## Assignment
If a line of the records contains the string "Input", copy it out.
-- Opening Marker --
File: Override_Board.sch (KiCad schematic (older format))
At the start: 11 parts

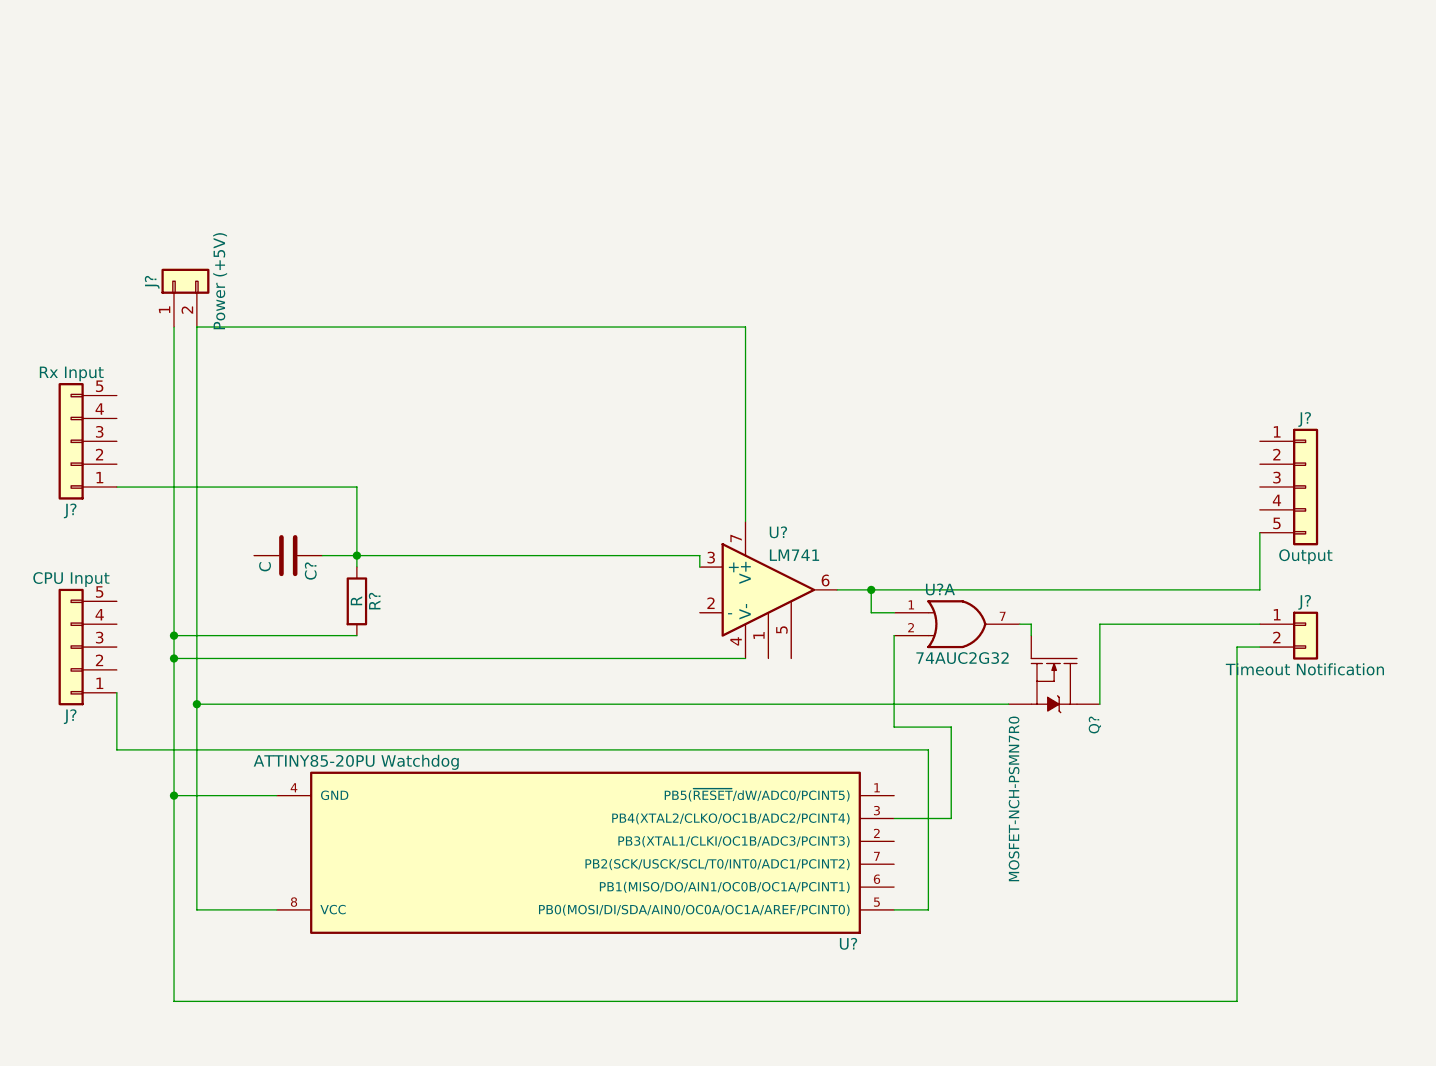
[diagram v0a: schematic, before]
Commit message: Added mux into circuit design
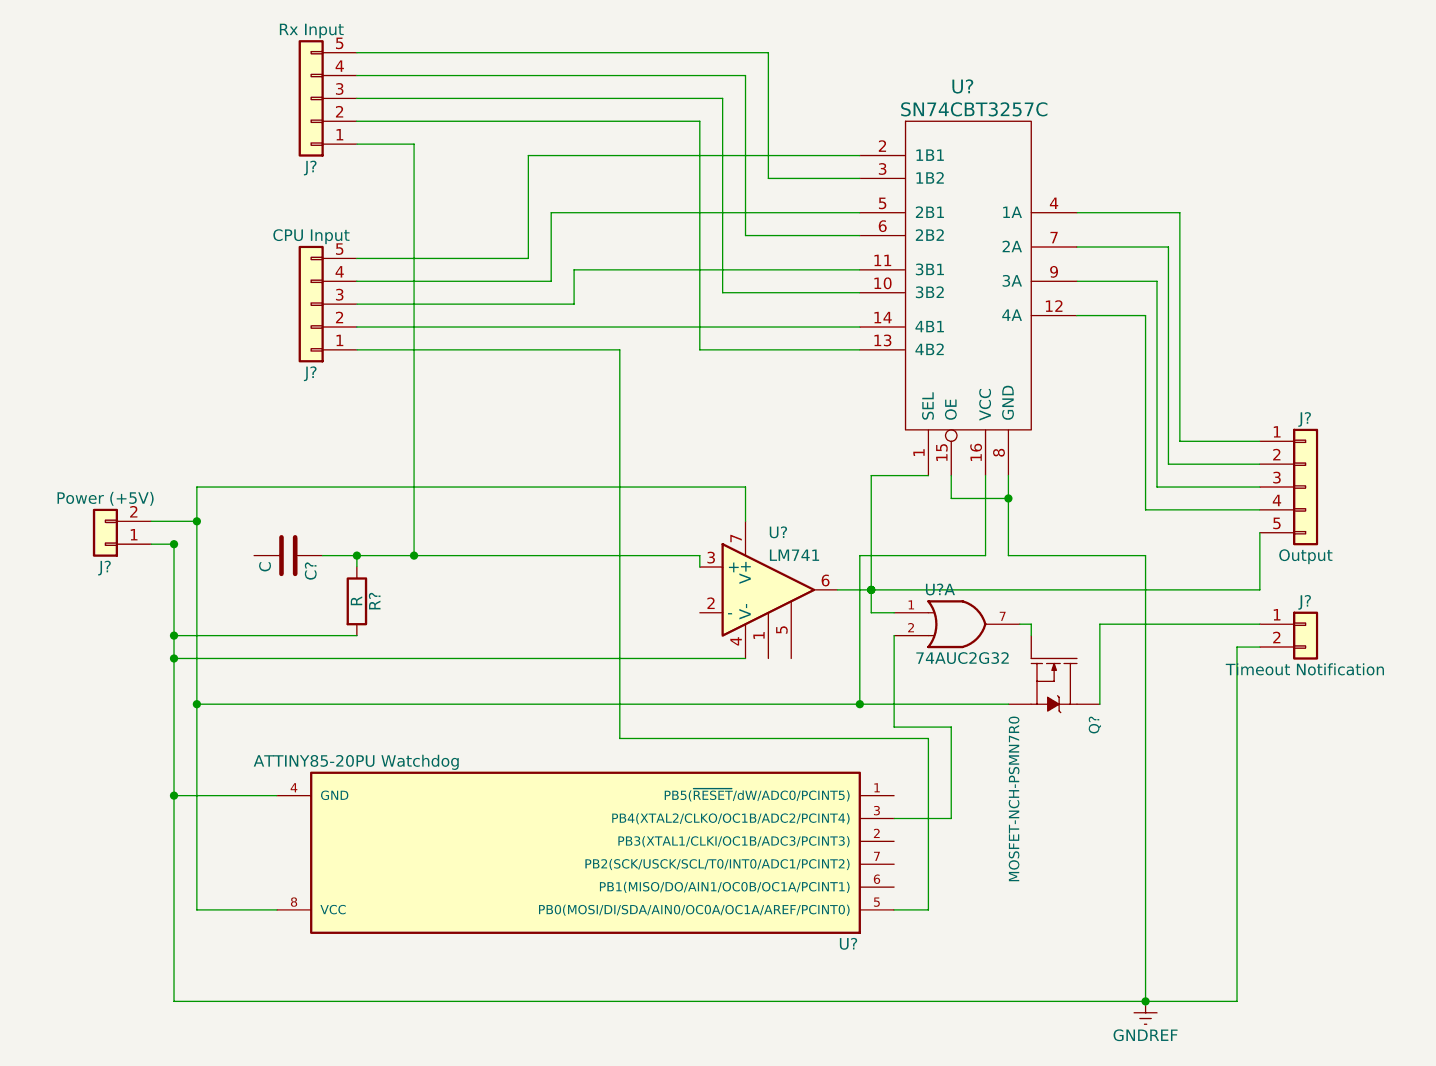
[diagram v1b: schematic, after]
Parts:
- added U?: SN74CBT3257C, symbol SN74CBT3257C
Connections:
- net at J?.2 (Pin_2): now also U?.14 (4B1)
- net at J?.3 (Pin_3): now also U?.11 (3B1)
- net at J?.4 (Pin_4): now also U?.5 (2B1)
- net at J?.5 (Pin_5): now also U?.2 (1B1)
- net at J?.1 (Pin_1): now also U?.4 (1A)
- net at J?.2 (Pin_2): now also U?.7 (2A)
- net at J?.3 (Pin_3): now also U?.9 (3A)
- net at J?.4 (Pin_4): now also U?.12 (4A)
- net at J?.5 (Pin_5), U?.1, U?.6: now also U?.1 (SEL)
- net GNDREF: now reaches J?.1 (Pin_1), J?.2 (Pin_2), R?.2, U?.4 (GND), U?.4 (V-)
- net GNDREF: now also U?.15 (OE), U?.8 (GND)
- net at J?.2 (Pin_2), Q?.3 (S), U?.7 (V+)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: now also U?.16 (VCC)
- net at J?.2 (Pin_2): now also U?.13 (4B2)
- net at J?.3 (Pin_3): now also U?.10 (3B2)
- net at J?.4 (Pin_4): now also U?.6 (2B2)
- net at J?.5 (Pin_5): now also U?.3 (1B2)
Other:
- moved on the sheet: J?
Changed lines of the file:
@@
 LIBS:SparkFun-Sensors
 LIBS:SparkFun-Switches
+LIBS:ugl
+LIBS:sn74cbt3257c
+LIBS:Override_Board-cache
 EELAYER 25 0
 EELAYER END
@@
 L Conn_01x05 J?
 U 1 1 5AA19F29
-P 4500 3300
-F 0 "J?" H 4500 3600 50  0000 C CNN
-F 1 "CPU Input" H 4500 3000 50  0000 C CNN
-F 2 "" H 4500 3300 50  0001 C CNN
-F 3 "" H 4500 3300 50  0001 C CNN
-	1    4500 3300
+P 5550 1800
+F 0 "J?" H 5550 2100 50  0000 C CNN
+F 1 "CPU Input" H 5550 1500 50  0000 C CNN
+F 2 "" H 5550 1800 50  0001 C CNN
+F 3 "" H 5550 1800 50  0001 C CNN
+	1    5550 1800
 	-1   0    0    1
 $EndComp
@@
 L Conn_01x02 J?
 U 1 1 5AA1A099
-P 4950 1700
-F 0 "J?" H 4950 1800 50  0000 C CNN
-F 1 "Power (+5V)" H 4950 1500 50  0000 C CNN
-F 2 "" H 4950 1700 50  0001 C CNN
-F 3 "" H 4950 1700 50  0001 C CNN
-	1    4950 1700
-	0    -1   -1   0
+P 4650 2850
+F 0 "J?" H 4650 2950 50  0000 C CNN
+F 1 "Power (+5V)" H 4650 2650 50  0000 C CNN
+F 2 "" H 4650 2850 50  0001 C CNN
+F 3 "" H 4650 2850 50  0001 C CNN
+	1    4650 2850
+	-1   0    0    1
 $EndComp
 $Comp
 L Conn_01x05 J?
 U 1 1 5AA1A1A7
-P 4500 2400
-F 0 "J?" H 4500 2700 50  0000 C CNN
-F 1 "Rx Input" H 4500 2100 50  0000 C CNN
-F 2 "" H 4500 2400 50  0001 C CNN
-F 3 "" H 4500 2400 50  0001 C CNN
-	1    4500 2400
+P 5550 900
+F 0 "J?" H 5550 1200 50  0000 C CNN
+F 1 "Rx Input" H 5550 600 50  0000 C CNN
+F 2 "" H 5550 900 50  0001 C CNN
+F 3 "" H 5550 900 50  0001 C CNN
+	1    5550 900
 	-1   0    0    1
 $EndComp
@@
 $EndComp
 Wire Wire Line
-	5050 1900 5050 4450
+	5050 2600 5050 2750
+Wire Wire Line
+	5050 2750 5050 3550
+Wire Wire Line
+	5050 3550 5050 4450
 Wire Wire Line
 	5050 4450 5400 4450
@@
 	4950 3950 5400 3950
 Wire Wire Line
-	4950 1900 4950 4850
+	4950 2850 4950 3250
+Wire Wire Line
+	4950 3250 4950 3350
+Wire Wire Line
+	4950 3350 4950 3950
+Wire Wire Line
+	4950 3950 4950 4850
 Wire Wire Line
 	9700 3300 9600 3300
@@
 	9600 3300 9600 4850
 Wire Wire Line
-	9600 4850 4950 4850
+	9600 4850 9200 4850
+Wire Wire Line
+	9200 4850 4950 4850
 Connection ~ 4950 3950
 $Comp
@@
 	9000 3200 9000 3550
 Wire Wire Line
-	8600 3550 5050 3550
+	5050 3550 7950 3550
+Wire Wire Line
+	7950 3550 8600 3550
 Connection ~ 5050 3550
 Wire Wire Line
-	4700 3500 4700 3750
-Wire Wire Line
-	4700 3750 8250 3750
-Wire Wire Line
-	8250 3750 8250 4450
+	8250 3700 8250 4450
 Wire Wire Line
 	8250 4450 8100 4450
 Wire Wire Line
-	9700 2800 9700 3050
-Wire Wire Line
-	9700 3050 7850 3050
+	9700 3050 9700 2800
+Wire Wire Line
+	7850 3050 8000 3050
+Wire Wire Line
+	8000 3050 8000 3050
+Wire Wire Line
+	8000 3050 9700 3050
 $Comp
 L LM741 U?
@@
 $EndComp
 Wire Wire Line
-	7450 2750 7450 1900
-Wire Wire Line
-	7450 1900 5050 1900
+	7450 2750 7450 2600
+Wire Wire Line
+	7450 2600 5050 2600
 Wire Wire Line
 	7450 3350 4950 3350
@@
 $EndComp
 Wire Wire Line
-	4700 2600 5750 2600
-Wire Wire Line
-	5750 2600 5750 2950
-Wire Wire Line
-	5600 2900 7250 2900
+	5600 2900 5750 2900
+Wire Wire Line
+	5750 2900 6000 2900
+Wire Wire Line
+	6000 2900 7250 2900
 Connection ~ 5750 2900
 Wire Wire Line
@@
 	8000 3150 8000 3050
 Connection ~ 8000 3050
+$Comp
+L SN74CBT3257C U?
+U 1 1 5AA1CA44
+P 8400 2350
+F 0 "U?" H 8400 3850 60  0000 C CNN
+F 1 "SN74CBT3257C" H 8450 3750 60  0000 C CNN
+F 2 "" H 8400 3850 60  0001 C CNN
+F 3 "" H 8400 3850 60  0001 C CNN
+	1    8400 2350
+	1    0    0    -1
+$EndComp
+Wire Wire Line
+	8900 1400 9350 1400
+Wire Wire Line
+	9350 1400 9350 2400
+Wire Wire Line
+	9350 2400 9700 2400
+Wire Wire Line
+	9700 2500 9300 2500
+Wire Wire Line
+	9300 2500 9300 1550
+Wire Wire Line
+	9300 1550 8900 1550
+Wire Wire Line
+	8900 1700 9250 1700
+Wire Wire Line
+	9250 1700 9250 2600
+Wire Wire Line
+	9250 2600 9700 2600
+Wire Wire Line
+	9700 2700 9200 2700
+Wire Wire Line
+	9200 2700 9200 1850
+Wire Wire Line
+	9200 1850 8900 1850
+Wire Wire Line
+	8600 2550 8600 2650
+Wire Wire Line
+	8600 2650 8600 2900
+Wire Wire Line
+	8600 2900 9200 2900
+Wire Wire Line
+	9200 2900 9200 4850
+Connection ~ 9200 4850
+Wire Wire Line
+	8500 2550 8500 2900
+Wire Wire Line
+	8500 2900 7950 2900
+Wire Wire Line
+	7950 2900 7950 3550
+Connection ~ 7950 3550
+Wire Wire Line
+	8350 2550 8350 2650
+Wire Wire Line
+	8350 2650 8600 2650
+Connection ~ 8600 2650
+Wire Wire Line
+	8250 2550 8000 2550
+Wire Wire Line
+	8000 2550 8000 3050
+Connection ~ 8000 3050
+Wire Wire Line
+	5750 1100 6000 1100
+Wire Wire Line
+	6000 1100 6000 2900
+Connection ~ 6000 2900
+Wire Wire Line
+	5750 2000 6900 2000
+Wire Wire Line
+	6900 2000 6900 3700
+Wire Wire Line
+	6900 3700 8250 3700
+Wire Wire Line
+	5750 1900 7950 1900
+Wire Wire Line
+	5750 1800 6700 1800
+Wire Wire Line
+	6700 1800 6700 1650
+Wire Wire Line
+	6700 1650 7950 1650
+Wire Wire Line
+	7950 1400 6600 1400
+Wire Wire Line
+	6600 1400 6600 1700
+Wire Wire Line
+	6600 1700 5750 1700
+Wire Wire Line
+	5750 1600 6500 1600
+Wire Wire Line
+	6500 1600 6500 1150
+Wire Wire Line
+	6500 1150 7950 1150
+Wire Wire Line
+	7950 2000 7250 2000
+Wire Wire Line
+	7250 2000 7250 1000
+Wire Wire Line
+	7250 1000 5750 1000
+Wire Wire Line
+	5750 900  7350 900
+Wire Wire Line
+	7350 900  7350 1750
+Wire Wire Line
+	7350 1750 7950 1750
+Wire Wire Line
+	7950 1500 7450 1500
+Wire Wire Line
+	7450 1500 7450 800
+Wire Wire Line
+	7450 800  5750 800
+Wire Wire Line
+	7550 1250 7950 1250
+Wire Wire Line
+	7550 1250 7550 700
+Wire Wire Line
+	7550 700  5750 700
+Wire Wire Line
+	4850 2750 5050 2750
+Connection ~ 5050 2750
+Wire Wire Line
+	4850 2850 4950 2850
+Connection ~ 4950 2850
+Wire Wire Line
+	5750 2950 5750 2900
+$Comp
+L GNDREF #PWR?
+U 1 1 5AA1D8F2
+P 9200 4850
+F 0 "#PWR?" H 9200 4600 50  0001 C CNN
+F 1 "GNDREF" H 9200 4700 50  0000 C CNN
+F 2 "" H 9200 4850 50  0001 C CNN
+F 3 "" H 9200 4850 50  0001 C CNN
+	1    9200 4850
+	1    0    0    -1
+$EndComp
 $EndSCHEMATC
-- Closing Marker --
## Written solution
-F 1 "CPU Input" H 4500 3000 50  0000 C CNN
+F 1 "CPU Input" H 5550 1500 50  0000 C CNN
-F 1 "Rx Input" H 4500 2100 50  0000 C CNN
+F 1 "Rx Input" H 5550 600 50  0000 C CNN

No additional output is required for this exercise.